DIRECTIONS:
Copy out every line of the data where the word "font" is found.
══════════
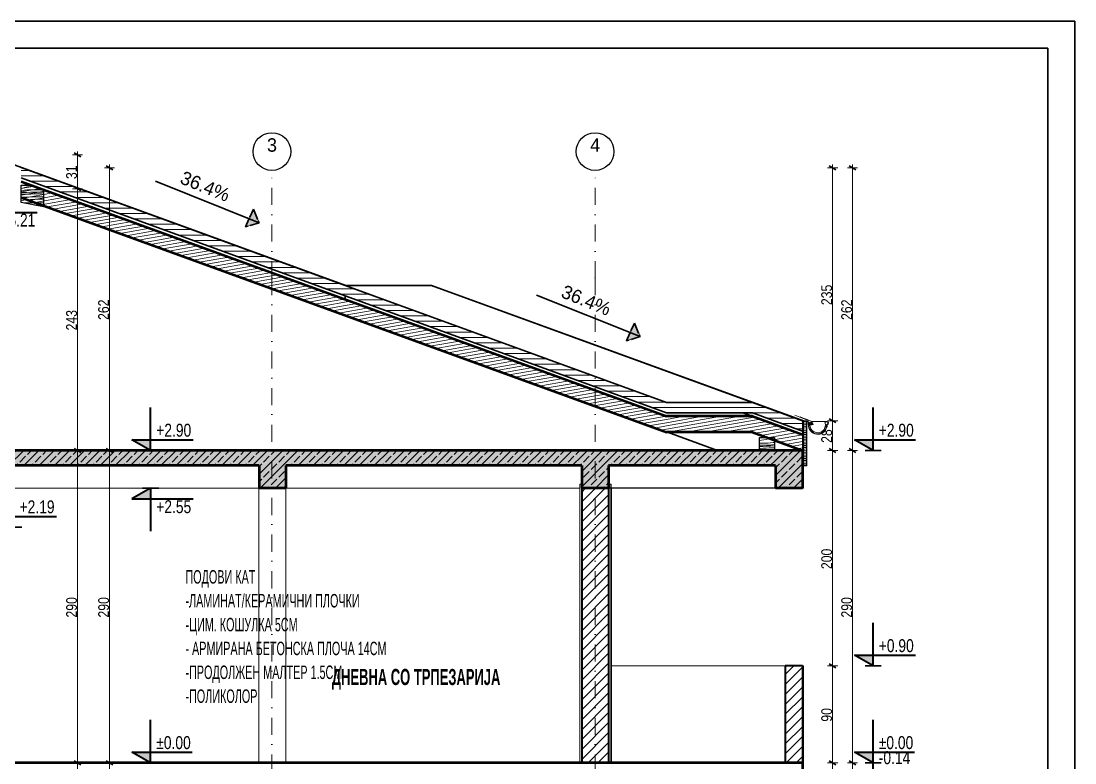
# Model space of a CAD drawing. Header units: millimetres. Extents: x -440 to 2671, y 0 to 297.
# Drawn here: x 224.3 to 420, y 159.3 to 297 of the extents above; entities that cross this region are included whole.
import ezdxf

# ---------------------------------------------------------------- set-up
doc = ezdxf.new("R2010")
doc.units = ezdxf.units.MM
doc.header["$MEASUREMENT"] = 0
doc.linetypes.add('- Осеви линии', pattern=[6.702778, 3.175, -1.763889, 0, -1.763889])
doc.linetypes.add('- Скирити линии', pattern=[2.45, 2, -0.45])
for name, color, linetype, lineweight, true_color in [('1', 7, 'Continuous', 13, 0x2b2b2b), ('162', 7, 'Continuous', 15, 0xaaaaaa), ('168', 7, 'Continuous', 15, 0x5e5e5e), ('172', 7, 'Continuous', 15, 0xbf8080), ('174', 7, 'Continuous', 15, 0xc09f81), ('29', 7, 'Continuous', 50, 0x111111), ('4', 7, 'Continuous', 20, 0x3e3e3e), ('45', 7, 'Continuous', 35, 0x404040), ('46', 7, 'Continuous', 35, 0x4e4e4e), ('61', 7, 'Continuous', 20, 0x6a6a6a), ('65', 7, 'Continuous', 20, 0x4e4e4e), ('81', 7, 'Continuous', 20, 0x6a6a6a), ('85', 7, 'Continuous', 20, 0x404040), ('87', 7, 'Continuous', 20, 0x6a6a6a), ('88', 7, 'Continuous', 20, 0x5e5e5e)]:
    doc.layers.add(name, color=color, linetype=linetype, lineweight=lineweight, true_color=true_color)
for name, color, linetype, lineweight in [('141', 7, 'Continuous', 35), ('164', 255, 'Continuous', 15), ('18', 9, 'Continuous', 15), ('21', 7, 'Continuous', 50), ('27', 7, 'Continuous', 40), ('41', 7, 'Continuous', 35), ('7', 7, 'Continuous', 25)]:
    doc.layers.add(name, color=color, linetype=linetype, lineweight=lineweight)
doc.styles.add('GENERATED_STYLE_4', font='GOTHIC.TTF')
doc.styles.add('GENERATED_STYLE_6', font='GOTHIC.TTF')
doc.styles.add('GENERATED_STYLE_7', font='GOTHICB.TTF')
pattern_1 = [(45, (-1043.7373, 159.275), (-0.9192388, 0.9192388), [])]
pattern_2 = [(45, (-1043.7373, 159.275), (-1.4142136, 1.4142136), []), (45, (-1044.4444, 159.9821), (-1.4142136, 1.4142136), [1.5, -0.5])]
pattern_3 = [(10, (-1043.7373, 159.275), (-0.1041889, 0.59088465), [])]
pattern_4 = [(0, (-1043.7373, 159.275), (0, 1), [])]

# ---------------------------------------------------------------- blocks, each defined once
blk = doc.blocks.new('*X7')
at = {"layer": '81', "color": 251, "linetype": 'Continuous', "lineweight": 20, "true_color": 0x6a6a6a}
for p, q in [((369.58, 222.17), (369.66, 222.17)), ((369.58, 221.68), (370.03, 221.68)), ((369.66, 222.17), (370.14, 222.15)), ((369.91, 222.66), (370.18, 222.65)), ((370.03, 221.68), (370.18, 221.67)), ((370.14, 222.15), (370.18, 222.15)), ((369.58, 221.03), (370.04, 221.02)), ((369.58, 220.63), (369.83, 220.63)), ((369.58, 220.25), (370.15, 220.23)), ((369.58, 219.75), (369.72, 219.75)), ((369.58, 219.27), (369.6, 219.27)), ((369.6, 219.27), (370.18, 219.25)), ((369.72, 219.75), (370.01, 219.74)), ((369.83, 220.63), (370.18, 220.62)), ((370.01, 219.74), (370.18, 219.73)), ((370.04, 221.02), (370.18, 221.02)), ((370.15, 220.23), (370.18, 220.23)), ((369.58, 218.62), (369.62, 218.62)), ((369.58, 218.22), (370.17, 218.21)), ((369.58, 217.84), (369.73, 217.83)), ((369.59, 217.33), (369.88, 217.32)), ((369.62, 218.62), (370.18, 218.62)), ((369.73, 217.83), (370.18, 217.81)), ((369.88, 217.32), (370.17, 217.3)), ((370.17, 217.3), (370.18, 217.3)), ((369.58, 216.85), (370.13, 216.83)), ((369.58, 216.21), (369.98, 216.21)), ((369.58, 215.81), (369.75, 215.81)), ((369.58, 215.42), (369.96, 215.4)), ((369.75, 215.81), (370.18, 215.8)), ((369.96, 215.4), (370.18, 215.38)), ((369.98, 216.21), (370.18, 216.21)), ((370.13, 216.83), (370.18, 216.83)), ((369.58, 214.91), (369.74, 214.9)), ((369.74, 214.9), (370.03, 214.88)), ((370.03, 214.88), (370.18, 214.87))]:
    blk.add_line(p, q, dxfattribs=at)
blk = doc.blocks.new('*X9')
at = {"layer": '81', "color": 251, "linetype": 'Continuous', "lineweight": 20, "true_color": 0x6a6a6a}
for p, q in [((361.42, 219.15), (361.81, 219.18)), ((361.81, 219.18), (362.25, 219.25)), ((362.25, 219.25), (362.68, 219.34)), ((362.68, 219.34), (363.11, 219.46)), ((363.11, 219.46), (363.19, 219.48)), ((363.19, 219.48), (363.26, 219.5)), ((363.26, 219.5), (363.34, 219.52)), ((363.34, 219.52), (363.42, 219.54)), ((363.42, 219.54), (363.49, 219.55)), ((363.49, 219.55), (363.57, 219.56)), ((363.57, 219.56), (363.65, 219.56)), ((363.65, 219.56), (363.73, 219.57)), ((363.73, 219.57), (364, 219.58)), ((364, 219.58), (364.22, 219.6)), ((361.42, 218.65), (361.53, 218.64)), ((361.42, 218.29), (361.63, 218.29)), ((361.42, 218.02), (362.06, 218.05)), ((361.42, 217.62), (361.54, 217.63)), ((361.53, 218.64), (361.67, 218.63)), ((361.54, 217.63), (362.11, 217.68)), ((361.63, 218.29), (362.05, 218.28)), ((361.67, 218.63), (361.81, 218.63)), ((361.81, 218.63), (361.94, 218.62)), ((361.94, 218.62), (362.08, 218.62)), ((362.05, 218.28), (362.47, 218.27)), ((362.06, 218.05), (362.75, 218.08)), ((362.55, 218.62), (362.08, 218.62)), ((362.11, 217.68), (362.68, 217.72)), ((362.47, 218.27), (362.89, 218.26)), ((363.02, 218.64), (362.55, 218.62)), ((362.68, 217.72), (363.25, 217.75)), ((362.75, 218.08), (363.45, 218.1)), ((362.89, 218.26), (363, 218.26)), ((363, 218.26), (363.1, 218.26)), ((363.49, 218.68), (363.02, 218.64)), ((363.1, 218.26), (363.21, 218.27)), ((363.21, 218.27), (363.32, 218.27)), ((363.25, 217.75), (363.82, 217.78)), ((363.32, 218.27), (363.43, 218.28)), ((363.43, 218.28), (363.53, 218.29)), ((363.45, 218.1), (364.15, 218.12)), ((363.96, 218.75), (363.49, 218.68)), ((363.53, 218.29), (363.64, 218.31)), ((363.64, 218.31), (363.75, 218.32)), ((363.99, 218.35), (363.75, 218.33)), ((363.82, 217.78), (364.22, 217.79)), ((364.22, 218.79), (363.96, 218.75)), ((364.22, 218.38), (363.99, 218.35)), ((364.15, 218.12), (364.22, 218.12))]:
    blk.add_line(p, q, dxfattribs=at)
blk = doc.blocks.new('*X10')
at = {"layer": '81', "color": 251, "linetype": 'Continuous', "lineweight": 20, "true_color": 0x6a6a6a}
for p, q in [((225.51, 266.24), (225.06, 266.09)), ((225.51, 266.24), (226.47, 266.29)), ((226.47, 266.29), (227.02, 266.3)), ((224.61, 265.97), (224.38, 265.92)), ((224.45, 265.49), (224.38, 265.48)), ((224.38, 265.16), (224.58, 265.16)), ((224.38, 264.84), (224.7, 264.84)), ((224.38, 264.27), (224.64, 264.28)), ((224.69, 265.53), (224.45, 265.49)), ((224.58, 265.16), (224.67, 265.17)), ((225.06, 266.09), (224.61, 265.97)), ((224.64, 264.28), (224.9, 264.28)), ((224.67, 265.17), (224.77, 265.17)), ((224.93, 265.58), (224.69, 265.53)), ((224.7, 264.84), (225.27, 264.85)), ((224.77, 265.17), (224.86, 265.18)), ((224.86, 265.18), (224.95, 265.18)), ((224.9, 264.28), (225.17, 264.29)), ((225.17, 265.63), (224.93, 265.58)), ((224.95, 265.18), (225.05, 265.19)), ((225.05, 265.19), (225.14, 265.19)), ((225.14, 265.19), (225.23, 265.19)), ((225.41, 265.68), (225.17, 265.63)), ((225.17, 264.29), (225.65, 264.33)), ((225.23, 265.19), (225.33, 265.2)), ((225.27, 264.85), (225.38, 264.86)), ((225.33, 265.2), (226.09, 265.23)), ((225.38, 264.86), (225.49, 264.86)), ((225.41, 265.68), (226.2, 265.68)), ((225.49, 264.86), (225.6, 264.86)), ((225.6, 264.86), (225.71, 264.87)), ((225.65, 264.33), (226.13, 264.36)), ((225.71, 264.87), (225.82, 264.87)), ((225.82, 264.87), (225.93, 264.88)), ((225.93, 264.88), (226.04, 264.88)), ((226.04, 264.88), (226.15, 264.88)), ((226.09, 265.23), (226.85, 265.24)), ((226.13, 264.36), (226.61, 264.38)), ((226.15, 264.88), (226.82, 264.9)), ((226.2, 265.68), (226.99, 265.67)), ((226.61, 264.38), (227.1, 264.39)), ((226.82, 264.9), (227.48, 264.9)), ((226.85, 265.24), (227.62, 265.26)), ((226.99, 265.67), (227.77, 265.66)), ((227.1, 264.39), (227.58, 264.4)), ((227.48, 264.9), (228.14, 264.9)), ((227.58, 264.4), (228.06, 264.4)), ((227.62, 265.26), (228.38, 265.26)), ((227.77, 265.66), (228.52, 265.66)), ((228.06, 264.4), (228.52, 264.39)), ((228.14, 264.9), (228.52, 264.89)), ((228.38, 265.26), (228.52, 265.26)), ((224.64, 263.69), (224.38, 263.62)), ((225.09, 263.83), (224.64, 263.69)), ((224.99, 263.28), (224.83, 263.24)), ((224.99, 263.28), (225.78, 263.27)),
══════════
RESULT OF THIS TASK:
doc.styles.add('GENERATED_STYLE_4', font='GOTHIC.TTF')
doc.styles.add('GENERATED_STYLE_6', font='GOTHIC.TTF')
doc.styles.add('GENERATED_STYLE_7', font='GOTHICB.TTF')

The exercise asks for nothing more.